Фокусник в это время висел вниз головой, и рубаха упала на его свободно болтающиеся руки. Он немного поиграл в клоуна, развернулся, как доска, обратно в вертикальное положение с выражением ужаса на лице, стыдясь своего неопрятного наряда.
— Не даст ли кто-нибудь монетку, любезные? — взмолился он. — Я куплю одежду лучшего покроя.
Монеты зазвенели на платформе внизу, и когда он наклонился, чтобы собрать их, раздался громкий звук лопнувшей ткани. Мужчина смущенно выпрямился в полный рост. Он напрягся, пытаясь увидеть причину звука позади себя, но в результате лишь завертелся вокруг своей оси, демонстрируя толпе, что порвал свои широкие штаны, и теперь его волосатый зад торчит наружу. Когда клоун снова повернулся лицом к смеющейся толпе, он сделал вид, будто ничего не понял.
— Ваша сумка сделана из телячьей кожи? — спросила Тэтчера молодая женщина. — Очень красивая сумка.

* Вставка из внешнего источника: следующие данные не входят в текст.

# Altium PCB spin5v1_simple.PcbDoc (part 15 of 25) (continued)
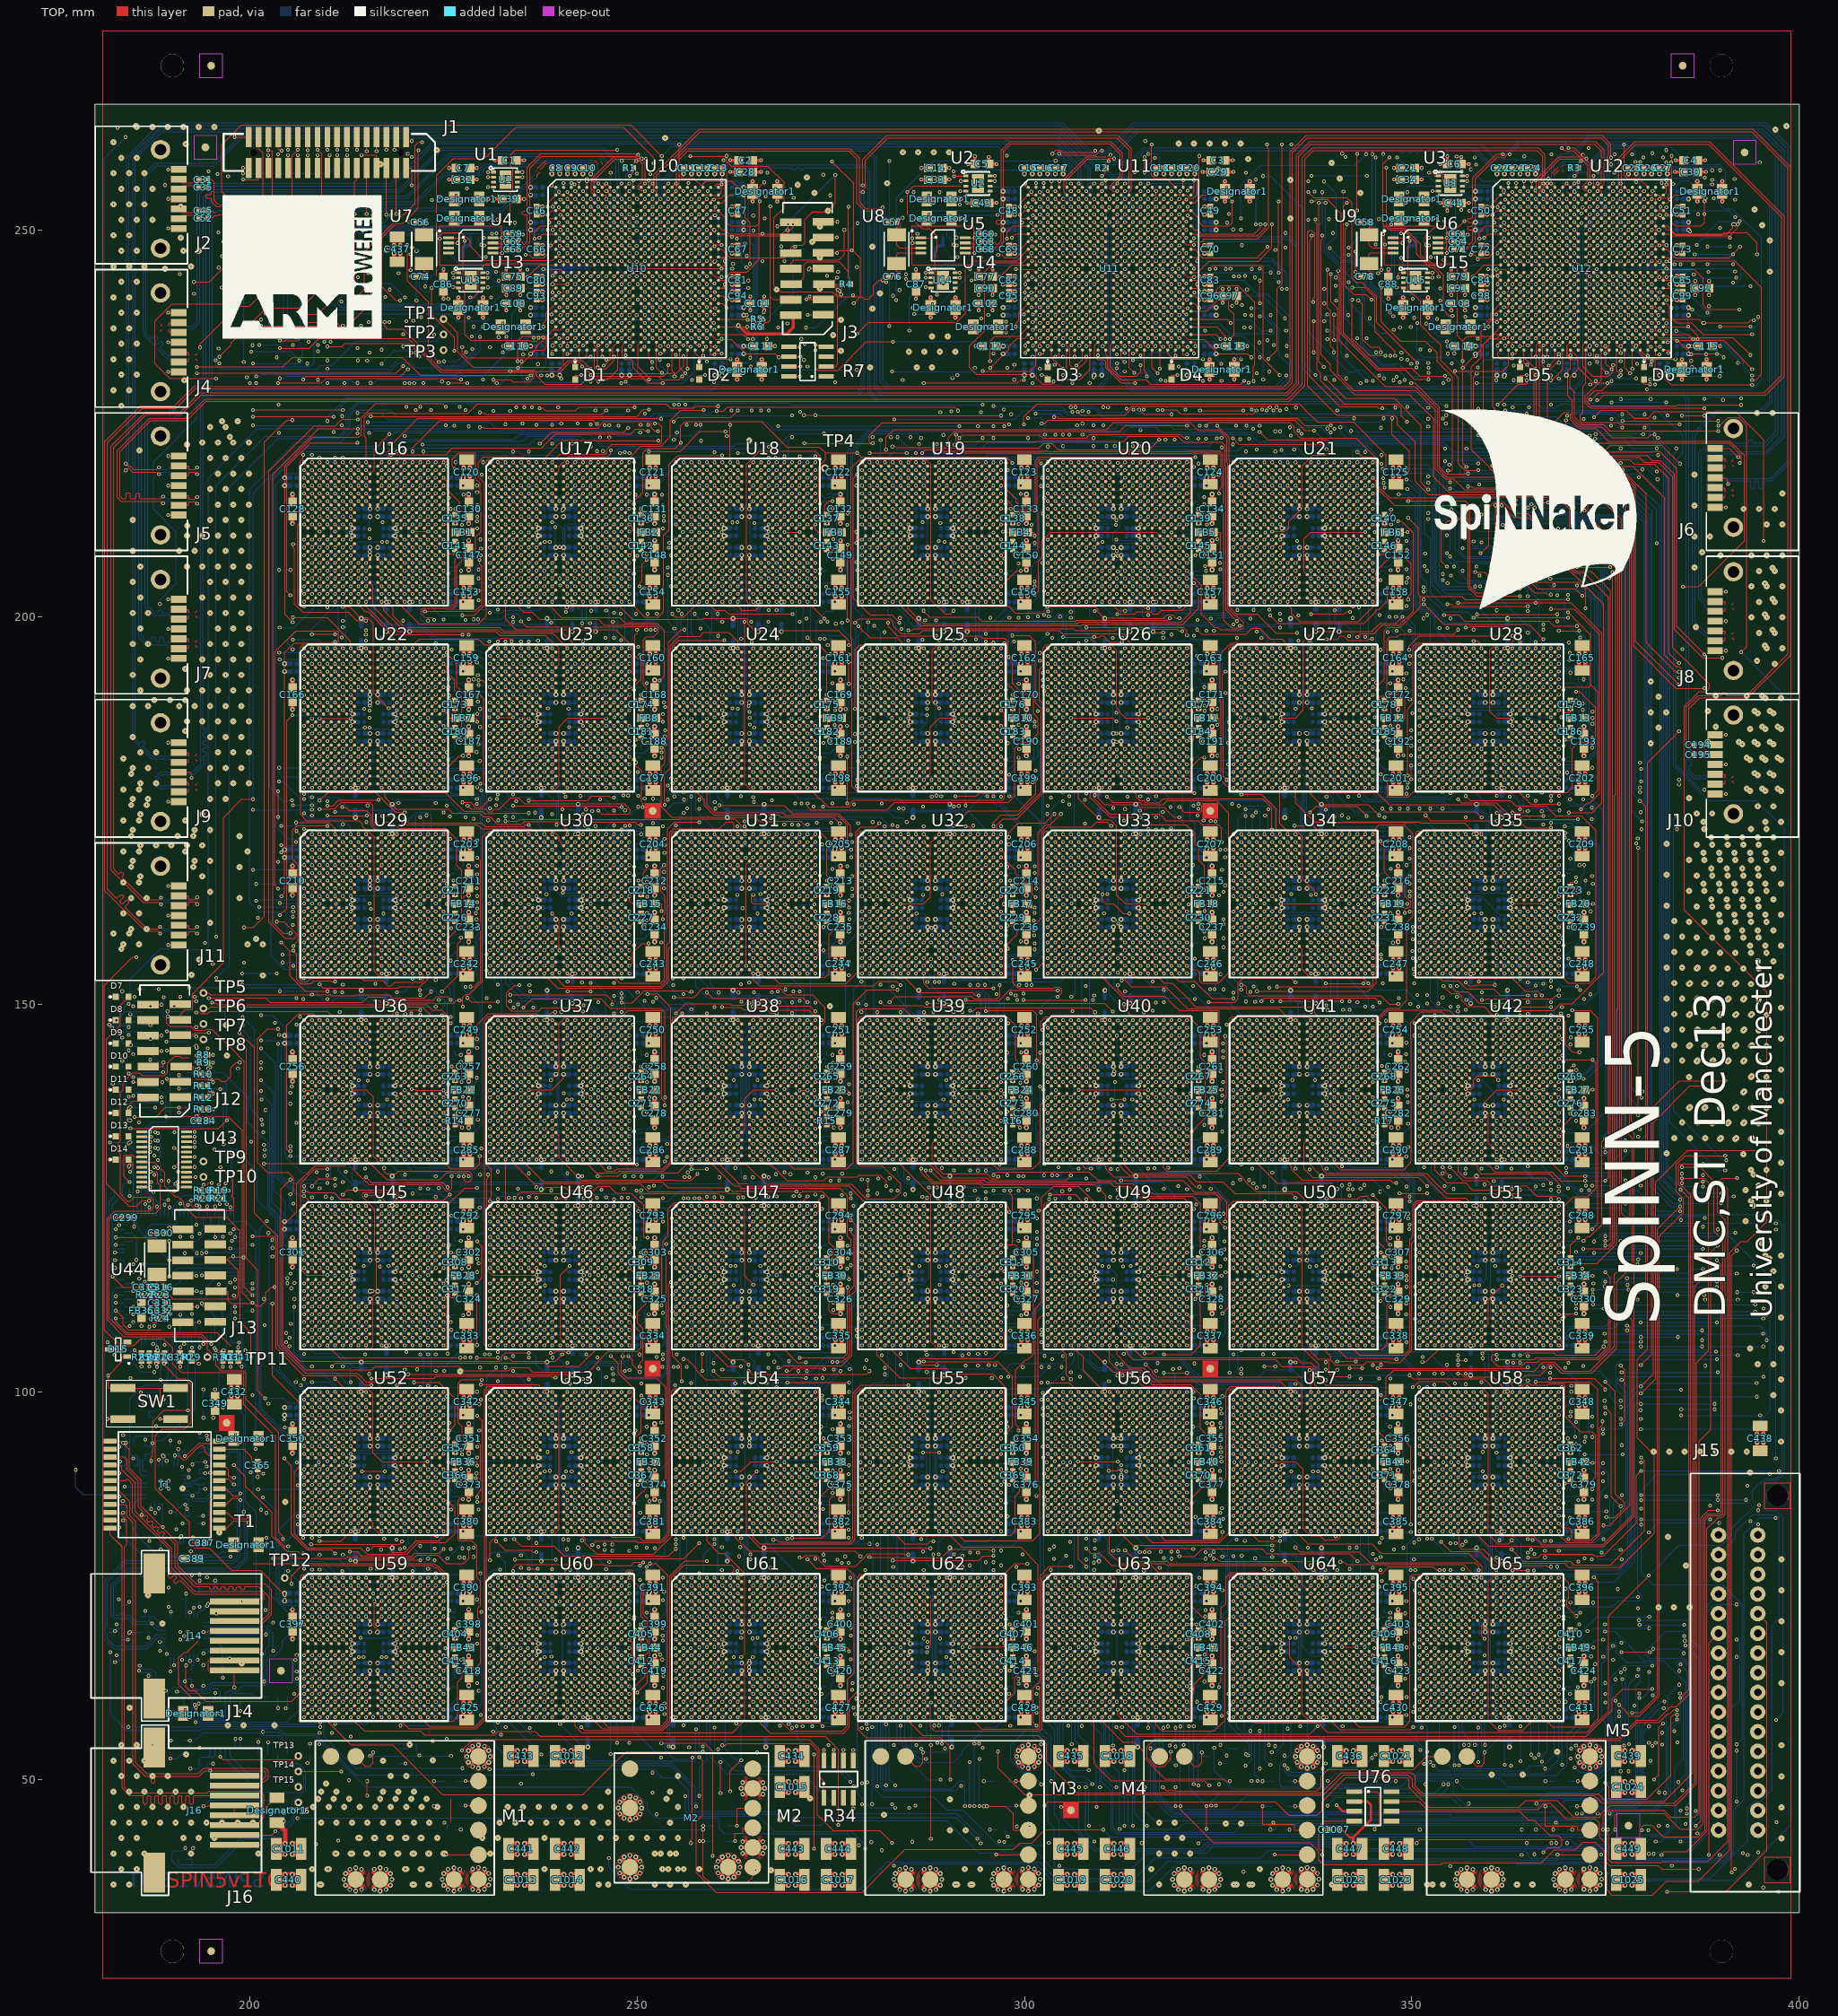
[diagram p0: TOP view]
## Nets (pads, with @x,y where several pads share a name; then routed paths per layer and width w, separated by ;. In a path a pad name is that pad's centre, name@x,y a point inside that pad or via, vN(x,y) a via of type N, cw(c..) or ccw(c..) an arc to the next point about the centre after c; other vN are vias at no path point) (continued)
  other v1: 219,84 234,123
S39_L1<12>: U46.C4 U52.R12
  other v1: 219,85 229.334,92.924 234,122
S39_L1<13>: U46.A5 U52.V13
  other v1: 220,82 235,124
S39_L1<14>: U46.B5 U52.U13 | length 2.7
  TOP w0.127: v1(229.291,104.412) v1(232,104.412)
  other v1: 220,83 235,123
S39_L1<15>: U46.C5 U52.T13
  other v1: 220,84 235,122
S39_L2<0>: U45.R5 U52.R16 | length 20.8
  TOP w0.127: v1(211,101.693) 212.262,100.431 215.192,100.431 215.891,99.732 215.891,92.139 217.034,90.996 v1(222.901,90.996)
  other v1: 223,85 211,109
S39_L2<1>: U45.V3 U52.N15 | length 17.3
  BOTTOM w0.127: v1(206.569,89.431) 213.232,89.431 213.431,89.232 213.431,87.828 213.828,87.431 221.569,87.431 v1(222,87)
  other v1: 209,106
S39_L2<2>: U45.V4 U52.N16 | length 17.8
  TOP w0.127: v1(210,106) 211.589,104.411 226.737,104.411 226.738,104.412 v1(227.169,104.412)
  other v1: 223,87 227.267,90.083
S39_L2<3>: U45.U4 U52.N17 | length 14.3
  BOTTOM w0.127: 210,107 210.432,106.568 210.432,105.95 210.813,105.569 222.273,105.569 v1(223,104.842)
  other v1: 224,87
S39_L2<4>: U45.T4 U52.N18 | length 26
  TOP w0.127: 225,87 225.607,87.607 v1(225.607,88.505)
  BOTTOM w0.127: v1(206.076,90.896) 206.507,90.896 206.903,90.5 213.034,90.5 213.431,90.897 213.431,91.966 213.531,92.066 218.461,92.066 218.561,91.966 218.561,88.823 218.879,88.505 v1(225.607,88.505)
  other v1: 210,108 205.289,108.8
S39_L2<5>: U45.V5 U52.P16 | length 25.6
  BOTTOM w0.127: v1(210,91.069) 209.569,91.069 209.276,91.362 205.899,91.362 205.645,91.108 205.645,89.701 206.915,88.431 212.232,88.431 212.431,88.232 212.431,86.939 212.939,86.431 222.569,86.431 v1(223,86)
  other v1: 211,106
S39_L2<6>: U45.U5 U52.P17 | length 39.7
  BOTTOM w0.127: v1(211,107) 211.569,106.431 223.232,106.431 223.431,106.232 223.431,89.939 223.939,89.431 225.339,89.431 226.038,88.732 226.038,87.601 225.949,87.512 225.949,86.604 226.049,86.504 226.951,86.504 227.051,86.404 227.051,85.544 226.951,85.444 224.556,85.444 224,86
S39_L2<7>: U45.T5 U52.P18 | length 59.7
  TOP w0.127: v1(202.916,111.4) 202.916,102.087 206.507,98.496 206.507,90.431 205.736,89.66 205.736,81.661 207.514,79.883 214.28,79.883 215.122,79.041 220.263,79.041 220.66,79.438 220.66,79.45 221.74,80.53 225.279,80.53 226.486,81.737 226.486,84.984 225.47,86 v1(225,86)
  other v1: 224,86 211,108
S39_L2<8>: U45.R7 U52.V18
  other v1: 215.601,77.158 225,82 213,109
S39_L2<9>: U45.V6 U52.R17
  other v1: 223,78.477 217.328,81.042 224,85 212,106
S39_L2<10>: U45.U6 U52.R18 | length 12.7
  TOP w0.127: v1(212.9,79.375) 213.859,79.375 214.447,78.787 220.914,78.787 221.289,79.162 224.456,79.162 v1(225.001,79.707)
  other v1: 225,85 212,107
S39_L2<11>: U45.T6 U52.T16
  other v1: 223,77.158 223,84 212,108
S39_L2<12>: U45.R6 U52.T17
  other v1: 223.862,79.793 218.939,80.926 224,84 220,102.88 212,109
S39_L2<13>: U45.V7 U52.T18 | length 14.1
  TOP w0.127: v1(215.201,79.682) 215.632,79.682 216.019,80.069 217.734,80.069 218.508,79.295 220.009,79.295 220.406,79.692 220.406,79.704 221.486,80.784 224.415,80.784 225.431,81.8 225.431,83.569 v1(225,84)
  other v1: 213,106
S39_L2<14>: U45.U7 U52.U17 | length 10.6
  TOP w0.127: v1(221.168,101.238) 224.39,101.238 226.486,99.142 226.486,95.713 v1(225.773,95)
  other v1: 224,83 225.989,84.813 213,107
S39_L2<15>: U45.T7 U52.U18
  other v1: 225,83 229.072,83.222 213,108
S39_L3<0>: U10.M1 U52.D11 | length 31.6
  TOP w0.127: v1(200.317,120.086) 203.093,120.086 203.347,119.832 203.347,105.68 206.903,102.124 213.67,102.124 214.496,101.298 214.496,101.243 214.877,100.862 v1(215.661,100.862)
  other v1: 218,97 199.924,236.37 239.099,244.065 239.099,244.065
S39_L3<1>: U10.M2 U52.A10 | length 58.6
  TOP w0.127: v1(198.647,146.336) 200.576,144.407 200.576,123.044 202.418,121.202 202.458,121.202 203.601,120.059 203.601,105.998 207.221,102.378 213.924,102.378 214.75,101.552 214.75,101.547 215.004,101.293 216.174,101.293 217,100.467 v1(217,100)
S39_L3<2>: U10.M3 U52.B10
  other v1: 217,99 241,244
S39_L3<3>: U10.M4 U52.C10
  other v1: 217,98 218.073,242.3 242,244
S39_L3<4>: U10.M5 U52.D10
  other v1: 217,97 232.142,243.465 243,244
S39_L3<5>: U10.M6 U52.A11
  other v1: 218,100 215.4,102.331 210,127.927 244,244
S39_L3<6>: U10.M7 U52.B11 | length 11.5
  BOTTOM w0.127: v1(200.404,224.77) v1(211.862,224.77)
  other v1: 218,99 214.872,104.842 213.867,223.732 245,244
S39_L3<7>: U10.M8 U52.C11 | length 3.5
  BOTTOM w0.127: v1(237,224.85) 237.431,225.281 239.488,225.281 239.769,225 v1(240.2,225)
  other v1: 218,98 246,244
S39_L3<8>: U10.N1 U52.D9 | length 40.6
  BOTTOM w0.127: v1(201.817,112) 201.817,111.569 201.479,111.231 201.479,97.808 204.718,94.569 215.24,94.569 215.685,95.014 215.685,96.315 v1(215,97) ; v1(230.742,242.6) 231.173,242.6 231.323,242.75 235.502,242.75 236.248,243.496 238.003,243.496 238.434,243.065
  other v1: 201.6,134.514 202.04,242.882
S39_L3<9>: U10.N3 U52.A8 | length 13.6
  TOP w0.127: v1(239.041,243) v1(241,243)
  BOTTOM w0.127: v1(205.119,105.896) 205.119,105.363 207.85,102.632 211.05,102.632 211.939,101.743 211.939,101.701 213.209,100.431 213.569,100.431 v1(214,100)
  other v1: 201.434,142.52 201.034,161.205 239.099,243
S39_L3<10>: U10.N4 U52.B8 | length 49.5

Тэтчер инстинктивно прижал сумку поближе к себе, ожидая, что ее схватит карманник или куснет любопытный пони, но женщина, по-видимому, была одна и искренне хвалила его вещь. Она держала в руках собственную корзинку. Она посмотрела ему в глаза и снова спросила:
— Она сделана из телячьей кожи?
— Я полагаю, что это так, — ответил доктор. — Если честно, не знаю. Я купил ее на рынке. В Камберленде.
Что-то в его ответе или голосе обеспокоило ее и, похоже, испугало. Доктору было знакомо такое выражение лица: словно у деревенской девушки, которая боится магометанина и говорит с ним только для того, чтобы доказать свою храбрость. Она подождала мгновение, затем отвернулась, бросив напоследок:
— Всего хорошего.
— И вам тоже, — ответил Мэтью Тэтчер, поворачиваясь к артисту.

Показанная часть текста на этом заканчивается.